Neomi De Anda, serves as the Executive Director for the International Marian Research Institute. She is also a tenured Associate Professor at the University of Dayton Department of Religious Studies. She teaches courses in religion, languages and cultures, Latinx and Latin American studies, race and ethnic studies, and women and gender studies. She is a Human Rights Center Research Associate. Dr. De Anda is a Catholic Lay Marianist and part of the Micah Theotokos Marianist Lay Community. Since its inception on Easter 2020, Dr. De Anda has worshiped with the online community of the Holy 42. Dr.
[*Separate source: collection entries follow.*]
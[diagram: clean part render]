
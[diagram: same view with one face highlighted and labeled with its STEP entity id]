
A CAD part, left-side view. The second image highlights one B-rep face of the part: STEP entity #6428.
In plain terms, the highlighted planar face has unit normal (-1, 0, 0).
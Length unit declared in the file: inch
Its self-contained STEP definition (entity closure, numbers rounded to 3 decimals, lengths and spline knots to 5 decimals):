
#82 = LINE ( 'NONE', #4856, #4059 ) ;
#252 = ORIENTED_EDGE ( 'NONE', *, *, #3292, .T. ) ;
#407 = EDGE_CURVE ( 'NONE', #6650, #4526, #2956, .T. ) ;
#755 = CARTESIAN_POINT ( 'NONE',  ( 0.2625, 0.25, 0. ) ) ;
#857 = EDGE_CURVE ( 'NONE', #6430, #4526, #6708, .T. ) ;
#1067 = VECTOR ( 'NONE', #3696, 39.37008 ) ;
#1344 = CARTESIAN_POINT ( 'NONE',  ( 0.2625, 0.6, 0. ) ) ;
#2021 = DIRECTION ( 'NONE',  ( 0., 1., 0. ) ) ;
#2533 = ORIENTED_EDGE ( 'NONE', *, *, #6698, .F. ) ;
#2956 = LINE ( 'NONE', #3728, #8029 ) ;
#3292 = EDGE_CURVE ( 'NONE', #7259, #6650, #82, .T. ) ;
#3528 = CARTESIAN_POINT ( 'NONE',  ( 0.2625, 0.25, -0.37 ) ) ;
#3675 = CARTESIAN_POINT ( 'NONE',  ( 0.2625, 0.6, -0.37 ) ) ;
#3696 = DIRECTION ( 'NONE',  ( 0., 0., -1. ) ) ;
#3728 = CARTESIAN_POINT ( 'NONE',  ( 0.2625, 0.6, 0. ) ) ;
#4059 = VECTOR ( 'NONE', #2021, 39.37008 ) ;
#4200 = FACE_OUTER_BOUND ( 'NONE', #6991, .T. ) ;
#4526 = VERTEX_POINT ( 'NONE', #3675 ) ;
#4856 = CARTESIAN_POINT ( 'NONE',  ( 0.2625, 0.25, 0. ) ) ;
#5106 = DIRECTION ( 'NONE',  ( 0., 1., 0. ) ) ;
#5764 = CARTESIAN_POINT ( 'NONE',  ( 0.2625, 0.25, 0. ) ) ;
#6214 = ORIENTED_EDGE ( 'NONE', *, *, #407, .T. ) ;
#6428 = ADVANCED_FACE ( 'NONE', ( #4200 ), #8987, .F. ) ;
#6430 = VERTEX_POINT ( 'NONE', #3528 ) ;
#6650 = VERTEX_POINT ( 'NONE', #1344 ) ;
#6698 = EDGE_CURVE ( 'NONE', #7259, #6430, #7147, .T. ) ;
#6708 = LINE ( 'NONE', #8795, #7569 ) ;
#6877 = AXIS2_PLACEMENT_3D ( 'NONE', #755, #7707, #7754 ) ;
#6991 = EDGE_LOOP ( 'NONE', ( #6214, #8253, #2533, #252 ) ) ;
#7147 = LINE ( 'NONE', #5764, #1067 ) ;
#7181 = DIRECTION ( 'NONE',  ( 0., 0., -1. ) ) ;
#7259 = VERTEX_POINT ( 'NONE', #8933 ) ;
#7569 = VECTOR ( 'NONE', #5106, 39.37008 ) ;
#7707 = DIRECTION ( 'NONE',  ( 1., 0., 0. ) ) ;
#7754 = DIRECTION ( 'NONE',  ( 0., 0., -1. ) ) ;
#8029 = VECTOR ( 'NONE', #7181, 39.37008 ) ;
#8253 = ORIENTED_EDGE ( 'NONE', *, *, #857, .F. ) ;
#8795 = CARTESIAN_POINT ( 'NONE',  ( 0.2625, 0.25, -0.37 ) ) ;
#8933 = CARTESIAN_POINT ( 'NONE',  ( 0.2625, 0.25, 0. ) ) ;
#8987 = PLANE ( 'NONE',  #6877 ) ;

De Anda holds a Ph.D. in Constructive Theology from Loyola University Chicago. She also has master’s degrees in Theology and Educational Leadership. Dr. De Anda has scholarly presentations, publications and exhibitions on her research interests of Mary and breast milk; chisme; LatinoXa Christology; migrations in conjunction with the Marianist Social Justice Collaborative Immigrant Justice Team. She maintains a commitment to a border theology at the intersections of the environment, migrations, labor, and women because of her roots in El Paso, Texas.